Drug: Lansoprazole , Tab Amoxycillin , Tab Clarithromycin ,Tab Tinidazole

Study type

Interventional

Funder types

Other

Identifiers

NCT01481844

sor006811ctil

Details and patient eligibility

About

The aim of this study is to evaluate the efficacy of sequential therapy, i.e. 5 days of PPI + amoxicillin followed by 5 days of PPI + two antimicrobial drugs( clarithromycin and tinidazole ) versus quadruple drug regimen( i.e.-14 days of PPI+ bismuth + metronidazole + tetracycline ) as second line treatment of H. pylori .

Full description

a total of 101 patients were randomized to 2 groups : 50 in sequential group and 51 patients in quadruple group . mean age was 43 in both groups. In sequential therapy group 42 patients(84%) completed the treatment , 39 patients returned to follow up . In quadruple group only 33 patients (64.7%) completed the treatment , 29 of them returned to follow up.

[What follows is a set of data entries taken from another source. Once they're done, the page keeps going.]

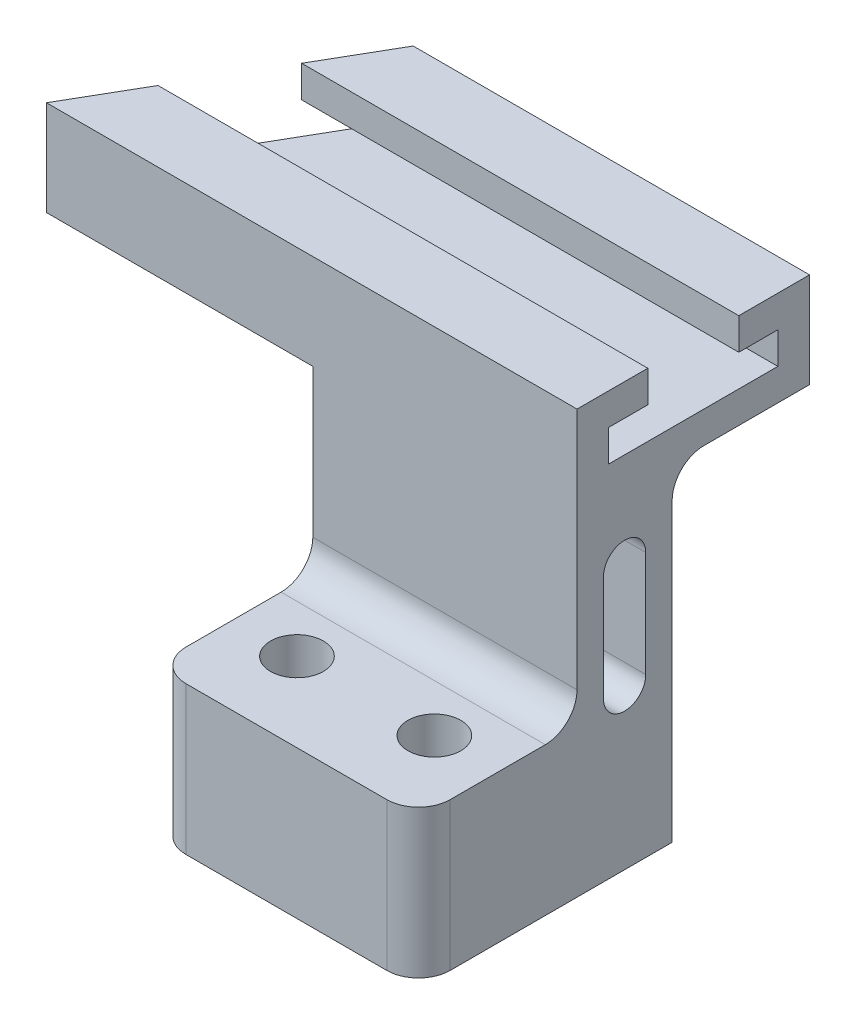
ISO-10303-21;
HEADER;
FILE_DESCRIPTION(('STEP AP214'),'2;1');
FILE_NAME('part.step','',(''),(''),'','','');
FILE_SCHEMA(('AUTOMOTIVE_DESIGN { 1 0 10303 214 1 1 1 1 }'));
ENDSEC;
DATA;
#1=APPLICATION_CONTEXT('core data for automotive mechanical design processes');
#2=APPLICATION_PROTOCOL_DEFINITION('international standard','automotive_design',2000,#1);
#3=PRODUCT_CONTEXT('',#1,'mechanical');
#4=PRODUCT('Part','Part','',(#3));
#5=PRODUCT_RELATED_PRODUCT_CATEGORY('part','',(#4));
#6=PRODUCT_DEFINITION_FORMATION('','',#4);
#7=PRODUCT_DEFINITION_CONTEXT('part definition',#1,'design');
#8=PRODUCT_DEFINITION('design','',#6,#7);
#9=PRODUCT_DEFINITION_SHAPE('','',#8);
#10=(LENGTH_UNIT() NAMED_UNIT(*) SI_UNIT(.MILLI.,.METRE.));
#11=(NAMED_UNIT(*) PLANE_ANGLE_UNIT() SI_UNIT($,.RADIAN.));
#12=(NAMED_UNIT(*) SI_UNIT($,.STERADIAN.) SOLID_ANGLE_UNIT());
#13=UNCERTAINTY_MEASURE_WITH_UNIT(LENGTH_MEASURE(1.E-05),#10,'distance_accuracy_value','');
#14=(GEOMETRIC_REPRESENTATION_CONTEXT(3) GLOBAL_UNCERTAINTY_ASSIGNED_CONTEXT((#13)) GLOBAL_UNIT_ASSIGNED_CONTEXT((#10,
#11,#12)) REPRESENTATION_CONTEXT('',''));
#15=CARTESIAN_POINT('',(0.,0.,0.));
#16=DIRECTION('',(0.,0.,1.));
#17=DIRECTION('',(1.,0.,0.));
#18=AXIS2_PLACEMENT_3D('',#15,#16,#17);
#19=CARTESIAN_POINT('',(-110.,80.,-30.));
#20=DIRECTION('',(0.,0.,1.));
#21=DIRECTION('',(0.,-1.,0.));
#22=AXIS2_PLACEMENT_3D('',#19,#20,#21);
#23=PLANE('',#22);
#24=DIRECTION('',(0.,1.,0.));
#25=VECTOR('',#24,1.);
#26=CARTESIAN_POINT('',(-50.,80.,-30.));
#27=LINE('',#26,#25);
#28=CARTESIAN_POINT('',(-50.,34.,-30.));
#29=VERTEX_POINT('',#28);
#30=CARTESIAN_POINT('',(-50.,62.,-30.));
#31=VERTEX_POINT('',#30);
#32=EDGE_CURVE('E271',#29,#31,#27,.T.);
#33=ORIENTED_EDGE('',*,*,#32,.F.);
#34=DIRECTION('',(1.,0.,0.));
#35=VECTOR('',#34,1.);
#36=CARTESIAN_POINT('',(-110.,34.,-30.));
#37=LINE('',#36,#35);
#38=CARTESIAN_POINT('',(0.,34.,-30.));
#39=VERTEX_POINT('',#38);
#40=EDGE_CURVE('E386',#29,#39,#37,.T.);
#41=ORIENTED_EDGE('',*,*,#40,.T.);
#42=DIRECTION('',(0.,-1.,0.));
#43=VECTOR('',#42,1.);
#44=CARTESIAN_POINT('',(0.,80.,-30.));
#45=LINE('',#44,#43);
#46=CARTESIAN_POINT('',(0.,80.,-30.));
#47=VERTEX_POINT('',#46);
#48=EDGE_CURVE('E381',#47,#39,#45,.T.);
#49=ORIENTED_EDGE('',*,*,#48,.F.);
#50=DIRECTION('',(1.,0.,0.));
#51=VECTOR('',#50,1.);
#52=CARTESIAN_POINT('',(-110.,80.,-30.));
#53=LINE('',#52,#51);
#54=CARTESIAN_POINT('',(-100.403411844344,80.,-30.));
#55=VERTEX_POINT('',#54);
#56=EDGE_CURVE('E388',#55,#47,#53,.T.);
#57=ORIENTED_EDGE('',*,*,#56,.F.);
#58=DIRECTION('',(0.,1.,0.));
#59=VECTOR('',#58,1.);
#60=CARTESIAN_POINT('',(-100.403411844344,0.,-30.));
#61=LINE('',#60,#59);
#62=CARTESIAN_POINT('',(-100.403411844344,62.,-30.));
#63=VERTEX_POINT('',#62);
#64=EDGE_CURVE('E294',#63,#55,#61,.T.);
#65=ORIENTED_EDGE('',*,*,#64,.F.);
#66=DIRECTION('',(-1.,0.,0.));
#67=VECTOR('',#66,1.);
#68=CARTESIAN_POINT('',(-110.,62.,-30.));
#69=LINE('',#68,#67);
#70=EDGE_CURVE('E222',#31,#63,#69,.T.);
#71=ORIENTED_EDGE('',*,*,#70,.F.);
#72=EDGE_LOOP('',(#33,#41,#49,#57,#65,#71));
#73=FACE_BOUND('',#72,.T.);
#74=ADVANCED_FACE('F32',(#73),#23,.T.);
#75=CARTESIAN_POINT('',(-110.,80.,-43.3846153846154));
#76=DIRECTION('',(0.,1.,0.));
#77=DIRECTION('',(0.,0.,1.));
#78=AXIS2_PLACEMENT_3D('',#75,#76,#77);
#79=PLANE('',#78);
#80=DIRECTION('',(1.,0.,0.));
#81=VECTOR('',#80,1.);
#82=CARTESIAN_POINT('',(-110.,80.,-43.3846153846154));
#83=LINE('',#82,#81);
#84=CARTESIAN_POINT('',(-92.6758005490364,80.,-43.3846153846154));
#85=VERTEX_POINT('',#84);
#86=CARTESIAN_POINT('',(0.,80.,-43.3846153846154));
#87=VERTEX_POINT('',#86);
#88=EDGE_CURVE('E390',#85,#87,#83,.T.);
#89=ORIENTED_EDGE('',*,*,#88,.F.);
#90=DIRECTION('',(-0.500000000000004,0.,0.866025403784436));
#91=VECTOR('',#90,1.);
#92=CARTESIAN_POINT('',(-88.2929399400241,80.,-50.9759526419169));
#93=LINE('',#92,#91);
#94=EDGE_CURVE('E290',#85,#55,#93,.T.);
#95=ORIENTED_EDGE('',*,*,#94,.T.);
#96=ORIENTED_EDGE('',*,*,#56,.T.);
#97=DIRECTION('',(0.,0.,1.));
#98=VECTOR('',#97,1.);
#99=CARTESIAN_POINT('',(0.,80.,-43.3846153846154));
#100=LINE('',#99,#98);
#101=EDGE_CURVE('E378',#87,#47,#100,.T.);
#102=ORIENTED_EDGE('',*,*,#101,.F.);
#103=EDGE_LOOP('',(#89,#95,#96,#102));
#104=FACE_BOUND('',#103,.T.);
#105=ADVANCED_FACE('F457',(#104),#79,.T.);
#106=CARTESIAN_POINT('',(-110.,74.,-43.3846153846154));
#107=DIRECTION('',(0.,0.,-1.));
#108=DIRECTION('',(-1.,0.,0.));
#109=AXIS2_PLACEMENT_3D('',#106,#107,#108);
#110=PLANE('',#109);
#111=DIRECTION('',(1.,0.,0.));
#112=VECTOR('',#111,1.);
#113=CARTESIAN_POINT('',(-110.,74.,-43.3846153846154));
#114=LINE('',#113,#112);
#115=CARTESIAN_POINT('',(-92.6758005490364,74.,-43.3846153846154));
#116=VERTEX_POINT('',#115);
#117=CARTESIAN_POINT('',(0.,74.,-43.3846153846154));
#118=VERTEX_POINT('',#117);
#119=EDGE_CURVE('E392',#116,#118,#114,.T.);
#120=ORIENTED_EDGE('',*,*,#119,.F.);
#121=DIRECTION('',(0.,1.,0.));
#122=VECTOR('',#121,1.);
#123=CARTESIAN_POINT('',(-92.6758005490364,74.,-43.3846153846154));
#124=LINE('',#123,#122);
#125=EDGE_CURVE('E320',#116,#85,#124,.T.);
#126=ORIENTED_EDGE('',*,*,#125,.T.);
#127=ORIENTED_EDGE('',*,*,#88,.T.);
#128=DIRECTION('',(0.,1.,0.));
#129=VECTOR('',#128,1.);
#130=CARTESIAN_POINT('',(0.,74.,-43.3846153846154));
#131=LINE('',#130,#129);
#132=EDGE_CURVE('E375',#118,#87,#131,.T.);
#133=ORIENTED_EDGE('',*,*,#132,.F.);
#134=EDGE_LOOP('',(#120,#126,#127,#133));
#135=FACE_BOUND('',#134,.T.);
#136=ADVANCED_FACE('F452',(#135),#110,.T.);
#137=CARTESIAN_POINT('',(-110.,74.,-36.));
#138=DIRECTION('',(0.,-1.,0.));
#139=DIRECTION('',(0.,0.,-1.));
#140=AXIS2_PLACEMENT_3D('',#137,#138,#139);
#141=PLANE('',#140);
#142=DIRECTION('',(1.,0.,0.));
#143=VECTOR('',#142,1.);
#144=CARTESIAN_POINT('',(-110.,74.,-36.));
#145=LINE('',#144,#143);
#146=CARTESIAN_POINT('',(-96.939310229206,74.,-36.));
#147=VERTEX_POINT('',#146);
#148=CARTESIAN_POINT('',(0.,74.,-36.));
#149=VERTEX_POINT('',#148);
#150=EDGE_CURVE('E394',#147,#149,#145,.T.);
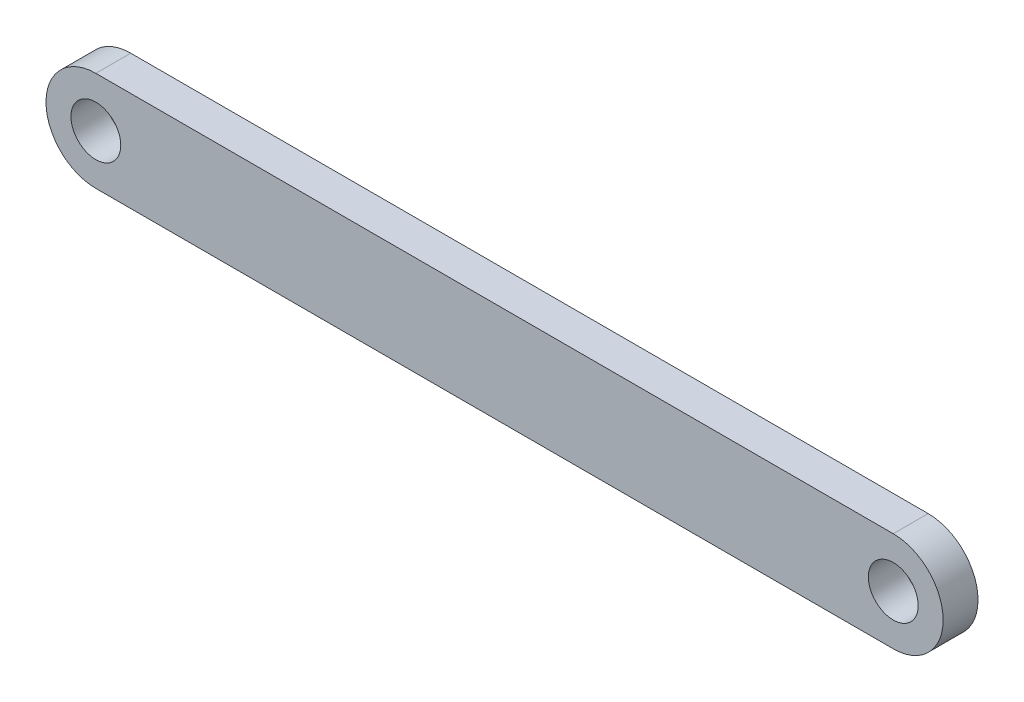
ISO-10303-21;
HEADER;
FILE_DESCRIPTION(('STEP AP214'),'2;1');
FILE_NAME('part.step','',(''),(''),'','','');
FILE_SCHEMA(('AUTOMOTIVE_DESIGN { 1 0 10303 214 1 1 1 1 }'));
ENDSEC;
DATA;
#1=APPLICATION_CONTEXT('core data for automotive mechanical design processes');
#2=APPLICATION_PROTOCOL_DEFINITION('international standard','automotive_design',2000,#1);
#3=PRODUCT_CONTEXT('',#1,'mechanical');
#4=PRODUCT('Part','Part','',(#3));
#5=PRODUCT_RELATED_PRODUCT_CATEGORY('part','',(#4));
#6=PRODUCT_DEFINITION_FORMATION('','',#4);
#7=PRODUCT_DEFINITION_CONTEXT('part definition',#1,'design');
#8=PRODUCT_DEFINITION('design','',#6,#7);
#9=PRODUCT_DEFINITION_SHAPE('','',#8);
#10=(LENGTH_UNIT() NAMED_UNIT(*) SI_UNIT(.MILLI.,.METRE.));
#11=(NAMED_UNIT(*) PLANE_ANGLE_UNIT() SI_UNIT($,.RADIAN.));
#12=(NAMED_UNIT(*) SI_UNIT($,.STERADIAN.) SOLID_ANGLE_UNIT());
#13=UNCERTAINTY_MEASURE_WITH_UNIT(LENGTH_MEASURE(1.E-05),#10,'distance_accuracy_value','');
#14=(GEOMETRIC_REPRESENTATION_CONTEXT(3) GLOBAL_UNCERTAINTY_ASSIGNED_CONTEXT((#13)) GLOBAL_UNIT_ASSIGNED_CONTEXT((#10,
#11,#12)) REPRESENTATION_CONTEXT('',''));
#15=CARTESIAN_POINT('',(0.,0.,0.));
#16=DIRECTION('',(0.,0.,1.));
#17=DIRECTION('',(1.,0.,0.));
#18=AXIS2_PLACEMENT_3D('',#15,#16,#17);
#19=CARTESIAN_POINT('',(0.,0.,7.));
#20=DIRECTION('',(0.,0.,1.));
#21=DIRECTION('',(1.,0.,0.));
#22=AXIS2_PLACEMENT_3D('',#19,#20,#21);
#23=PLANE('',#22);
#24=CARTESIAN_POINT('',(0.,0.,7.));
#25=DIRECTION('',(0.,0.,1.));
#26=DIRECTION('',(1.,0.,0.));
#27=AXIS2_PLACEMENT_3D('',#24,#25,#26);
#28=CIRCLE('',#27,5.);
#29=CARTESIAN_POINT('',(5.,0.,7.));
#30=VERTEX_POINT('',#29);
#31=EDGE_CURVE('E107',#30,#30,#28,.T.);
#32=ORIENTED_EDGE('',*,*,#31,.F.);
#33=EDGE_LOOP('',(#32));
#34=FACE_BOUND('',#33,.T.);
#35=CARTESIAN_POINT('',(0.,0.,7.));
#36=DIRECTION('',(0.,0.,1.));
#37=DIRECTION('',(1.,0.,0.));
#38=AXIS2_PLACEMENT_3D('',#35,#36,#37);
#39=CIRCLE('',#38,10.);
#40=CARTESIAN_POINT('',(0.,10.,7.));
#41=VERTEX_POINT('',#40);
#42=CARTESIAN_POINT('',(0.,-10.,7.));
#43=VERTEX_POINT('',#42);
#44=EDGE_CURVE('E92',#41,#43,#39,.T.);
#45=ORIENTED_EDGE('',*,*,#44,.T.);
#46=DIRECTION('',(1.,0.,0.));
#47=VECTOR('',#46,1.);
#48=CARTESIAN_POINT('',(0.,-10.,7.));
#49=LINE('',#48,#47);
#50=CARTESIAN_POINT('',(160.,-10.,7.));
#51=VERTEX_POINT('',#50);
#52=EDGE_CURVE('E87',#43,#51,#49,.T.);
#53=ORIENTED_EDGE('',*,*,#52,.T.);
#54=CARTESIAN_POINT('',(160.,0.,7.));
#55=DIRECTION('',(0.,0.,1.));
#56=DIRECTION('',(1.,0.,0.));
#57=AXIS2_PLACEMENT_3D('',#54,#55,#56);
#58=CIRCLE('',#57,10.);
#59=CARTESIAN_POINT('',(160.,10.,7.));
#60=VERTEX_POINT('',#59);
#61=EDGE_CURVE('E90',#51,#60,#58,.T.);
#62=ORIENTED_EDGE('',*,*,#61,.T.);
#63=DIRECTION('',(-1.,0.,0.));
#64=VECTOR('',#63,1.);
#65=CARTESIAN_POINT('',(0.,10.,7.));
#66=LINE('',#65,#64);
#67=EDGE_CURVE('E57',#60,#41,#66,.T.);
#68=ORIENTED_EDGE('',*,*,#67,.T.);
#69=EDGE_LOOP('',(#45,#53,#62,#68));
#70=FACE_BOUND('',#69,.T.);
#71=CARTESIAN_POINT('',(160.,0.,7.));
#72=DIRECTION('',(0.,0.,1.));
#73=DIRECTION('',(1.,0.,0.));
#74=AXIS2_PLACEMENT_3D('',#71,#72,#73);
#75=CIRCLE('',#74,4.99999999999999);
#76=CARTESIAN_POINT('',(165.,0.,7.));
#77=VERTEX_POINT('',#76);
#78=EDGE_CURVE('E122',#77,#77,#75,.T.);
#79=ORIENTED_EDGE('',*,*,#78,.F.);
#80=EDGE_LOOP('',(#79));
#81=FACE_BOUND('',#80,.T.);
#82=ADVANCED_FACE('F40',(#34,#70,#81),#23,.T.);
#83=CARTESIAN_POINT('',(0.,0.,0.));
#84=DIRECTION('',(0.,0.,1.));
#85=DIRECTION('',(1.,0.,0.));
#86=AXIS2_PLACEMENT_3D('',#83,#84,#85);
#87=PLANE('',#86);
#88=CARTESIAN_POINT('',(0.,0.,0.));
#89=DIRECTION('',(0.,0.,1.));
#90=DIRECTION('',(1.,0.,0.));
#91=AXIS2_PLACEMENT_3D('',#88,#89,#90);
#92=CIRCLE('',#91,10.);
#93=CARTESIAN_POINT('',(0.,10.,0.));
#94=VERTEX_POINT('',#93);
#95=CARTESIAN_POINT('',(0.,-10.,0.));
#96=VERTEX_POINT('',#95);
#97=EDGE_CURVE('E104',#94,#96,#92,.T.);
#98=ORIENTED_EDGE('',*,*,#97,.F.);
#99=DIRECTION('',(-1.,0.,0.));
#100=VECTOR('',#99,1.);
#101=CARTESIAN_POINT('',(0.,10.,0.));
#102=LINE('',#101,#100);
#103=CARTESIAN_POINT('',(160.,10.,0.));
#104=VERTEX_POINT('',#103);
#105=EDGE_CURVE('E80',#104,#94,#102,.T.);
#106=ORIENTED_EDGE('',*,*,#105,.F.);
#107=CARTESIAN_POINT('',(160.,0.,0.));
#108=DIRECTION('',(0.,0.,1.));
#109=DIRECTION('',(1.,0.,0.));
#110=AXIS2_PLACEMENT_3D('',#107,#108,#109);
#111=CIRCLE('',#110,10.);
#112=CARTESIAN_POINT('',(160.,-10.,0.));
#113=VERTEX_POINT('',#112);
#114=EDGE_CURVE('E74',#113,#104,#111,.T.);
#115=ORIENTED_EDGE('',*,*,#114,.F.);
#116=DIRECTION('',(1.,0.,0.));
#117=VECTOR('',#116,1.);
#118=CARTESIAN_POINT('',(0.,-10.,0.));
#119=LINE('',#118,#117);
#120=EDGE_CURVE('E96',#96,#113,#119,.T.);
#121=ORIENTED_EDGE('',*,*,#120,.F.);
#122=EDGE_LOOP('',(#98,#106,#115,#121));
#123=FACE_BOUND('',#122,.T.);
#124=CARTESIAN_POINT('',(0.,0.,0.));
#125=DIRECTION('',(0.,0.,1.));
#126=DIRECTION('',(1.,0.,0.));
#127=AXIS2_PLACEMENT_3D('',#124,#125,#126);
#128=CIRCLE('',#127,5.);
#129=CARTESIAN_POINT('',(5.,0.,0.));
#130=VERTEX_POINT('',#129);
#131=EDGE_CURVE('E119',#130,#130,#128,.T.);
#132=ORIENTED_EDGE('',*,*,#131,.T.);
#133=EDGE_LOOP('',(#132));
#134=FACE_BOUND('',#133,.T.);
#135=CARTESIAN_POINT('',(160.,0.,0.));
#136=DIRECTION('',(0.,0.,1.));
#137=DIRECTION('',(1.,0.,0.));
#138=AXIS2_PLACEMENT_3D('',#135,#136,#137);
#139=CIRCLE('',#138,4.99999999999999);
#140=CARTESIAN_POINT('',(165.,0.,0.));
#141=VERTEX_POINT('',#140);
#142=EDGE_CURVE('E125',#141,#141,#139,.T.);
#143=ORIENTED_EDGE('',*,*,#142,.T.);
#144=EDGE_LOOP('',(#143));
#145=FACE_BOUND('',#144,.T.);
#146=ADVANCED_FACE('F115',(#123,#134,#145),#87,.F.);
#147=CARTESIAN_POINT('',(0.,0.,7.));
#148=DIRECTION('',(0.,0.,-1.));
#149=DIRECTION('',(-1.,0.,0.));
#150=AXIS2_PLACEMENT_3D('',#147,#148,#149);
#151=CYLINDRICAL_SURFACE('',#150,10.);
#152=ORIENTED_EDGE('',*,*,#97,.T.);
#153=DIRECTION('',(0.,0.,-1.));
#154=VECTOR('',#153,1.);
#155=CARTESIAN_POINT('',(0.,-10.,7.));
#156=LINE('',#155,#154);
#157=EDGE_CURVE('E11',#43,#96,#156,.T.);
#158=ORIENTED_EDGE('',*,*,#157,.F.);
#159=ORIENTED_EDGE('',*,*,#44,.F.);
#160=DIRECTION('',(0.,0.,-1.));
#161=VECTOR('',#160,1.);
#162=CARTESIAN_POINT('',(0.,10.,7.));
#163=LINE('',#162,#161);
#164=EDGE_CURVE('E100',#41,#94,#163,.T.);
#165=ORIENTED_EDGE('',*,*,#164,.T.);
#166=EDGE_LOOP('',(#152,#158,#159,#165));
#167=FACE_BOUND('',#166,.T.);
#168=ADVANCED_FACE('F42',(#167),#151,.T.);
#169=CARTESIAN_POINT('',(0.,-10.,7.));
#170=DIRECTION('',(0.,1.,0.));
#171=DIRECTION('',(-1.,0.,0.));
#172=AXIS2_PLACEMENT_3D('',#169,#170,#171);
#173=PLANE('',#172);
#174=ORIENTED_EDGE('',*,*,#120,.T.);
#175=DIRECTION('',(0.,0.,-1.));
#176=VECTOR('',#175,1.);
#177=CARTESIAN_POINT('',(160.,-10.,7.));
#178=LINE('',#177,#176);
#179=EDGE_CURVE('E49',#51,#113,#178,.T.);
#180=ORIENTED_EDGE('',*,*,#179,.F.);
#181=ORIENTED_EDGE('',*,*,#52,.F.);
#182=ORIENTED_EDGE('',*,*,#157,.T.);
#183=EDGE_LOOP('',(#174,#180,#181,#182));
#184=FACE_BOUND('',#183,.T.);
#185=ADVANCED_FACE('F95',(#184),#173,.F.);
#186=CARTESIAN_POINT('',(160.,0.,7.));
#187=DIRECTION('',(0.,0.,-1.));
#188=DIRECTION('',(-1.,0.,0.));
#189=AXIS2_PLACEMENT_3D('',#186,#187,#188);
#190=CYLINDRICAL_SURFACE('',#189,10.);
#191=ORIENTED_EDGE('',*,*,#114,.T.);
#192=DIRECTION('',(0.,0.,-1.));
#193=VECTOR('',#192,1.);
#194=CARTESIAN_POINT('',(160.,10.,7.));
#195=LINE('',#194,#193);
#196=EDGE_CURVE('E97',#60,#104,#195,.T.);
#197=ORIENTED_EDGE('',*,*,#196,.F.);
#198=ORIENTED_EDGE('',*,*,#61,.F.);
#199=ORIENTED_EDGE('',*,*,#179,.T.);
#200=EDGE_LOOP('',(#191,#197,#198,#199));
#201=FACE_BOUND('',#200,.T.);
#202=ADVANCED_FACE('F98',(#201),#190,.T.);
#203=CARTESIAN_POINT('',(0.,10.,7.));
#204=DIRECTION('',(0.,-1.,0.));
#205=DIRECTION('',(1.,0.,0.));
#206=AXIS2_PLACEMENT_3D('',#203,#204,#205);
#207=PLANE('',#206);
#208=ORIENTED_EDGE('',*,*,#105,.T.);
#209=ORIENTED_EDGE('',*,*,#164,.F.);
#210=ORIENTED_EDGE('',*,*,#67,.F.);
#211=ORIENTED_EDGE('',*,*,#196,.T.);
#212=EDGE_LOOP('',(#208,#209,#210,#211));
#213=FACE_BOUND('',#212,.T.);
#214=ADVANCED_FACE('F112',(#213),#207,.F.);
#215=CARTESIAN_POINT('',(0.,0.,7.));
#216=DIRECTION('',(0.,0.,-1.));
#217=DIRECTION('',(-1.,0.,0.));
#218=AXIS2_PLACEMENT_3D('',#215,#216,#217);
#219=CYLINDRICAL_SURFACE('',#218,5.);
#220=ORIENTED_EDGE('',*,*,#31,.T.);
#221=EDGE_LOOP('',(#220));
#222=FACE_BOUND('',#221,.T.);
#223=ORIENTED_EDGE('',*,*,#131,.F.);
#224=EDGE_LOOP('',(#223));
#225=FACE_BOUND('',#224,.T.);
#226=ADVANCED_FACE('F142',(#222,#225),#219,.F.);
#227=CARTESIAN_POINT('',(160.,0.,7.));
#228=DIRECTION('',(0.,0.,-1.));
#229=DIRECTION('',(-1.,0.,0.));
#230=AXIS2_PLACEMENT_3D('',#227,#228,#229);
#231=CYLINDRICAL_SURFACE('',#230,4.99999999999999);
#232=ORIENTED_EDGE('',*,*,#78,.T.);
#233=EDGE_LOOP('',(#232));
#234=FACE_BOUND('',#233,.T.);
#235=ORIENTED_EDGE('',*,*,#142,.F.);
#236=EDGE_LOOP('',(#235));
#237=FACE_BOUND('',#236,.T.);
#238=ADVANCED_FACE('F131',(#234,#237),#231,.F.);
#239=CLOSED_SHELL('',(#82,#146,#168,#185,#202,#214,#226,#238));
#240=MANIFOLD_SOLID_BREP('B2',#239);
#241=ADVANCED_BREP_SHAPE_REPRESENTATION('',(#18,#240),#14);
#242=SHAPE_DEFINITION_REPRESENTATION(#9,#241);
ENDSEC;
END-ISO-10303-21;

Compliance to the treatment was significant better in sequential group comparative to quadruple .Sides effects connected to gastro-intestinal tract were reported in 27(65.9%) of quadruple group patients and in 19(43.2%)of sequential group.

The H pylori was eradicated in 23 of 39 patients in sequential group(59%), and in 19 of the 29 patients in quadruple group(65.5%). no comorbidities like smoking, diabetes or other influenced the efficacy of eradication.

Sequential therapy showed the same eradication rate as second line treatment of H pylori as quadruple one, but was associated with better compliance and less adverse effects.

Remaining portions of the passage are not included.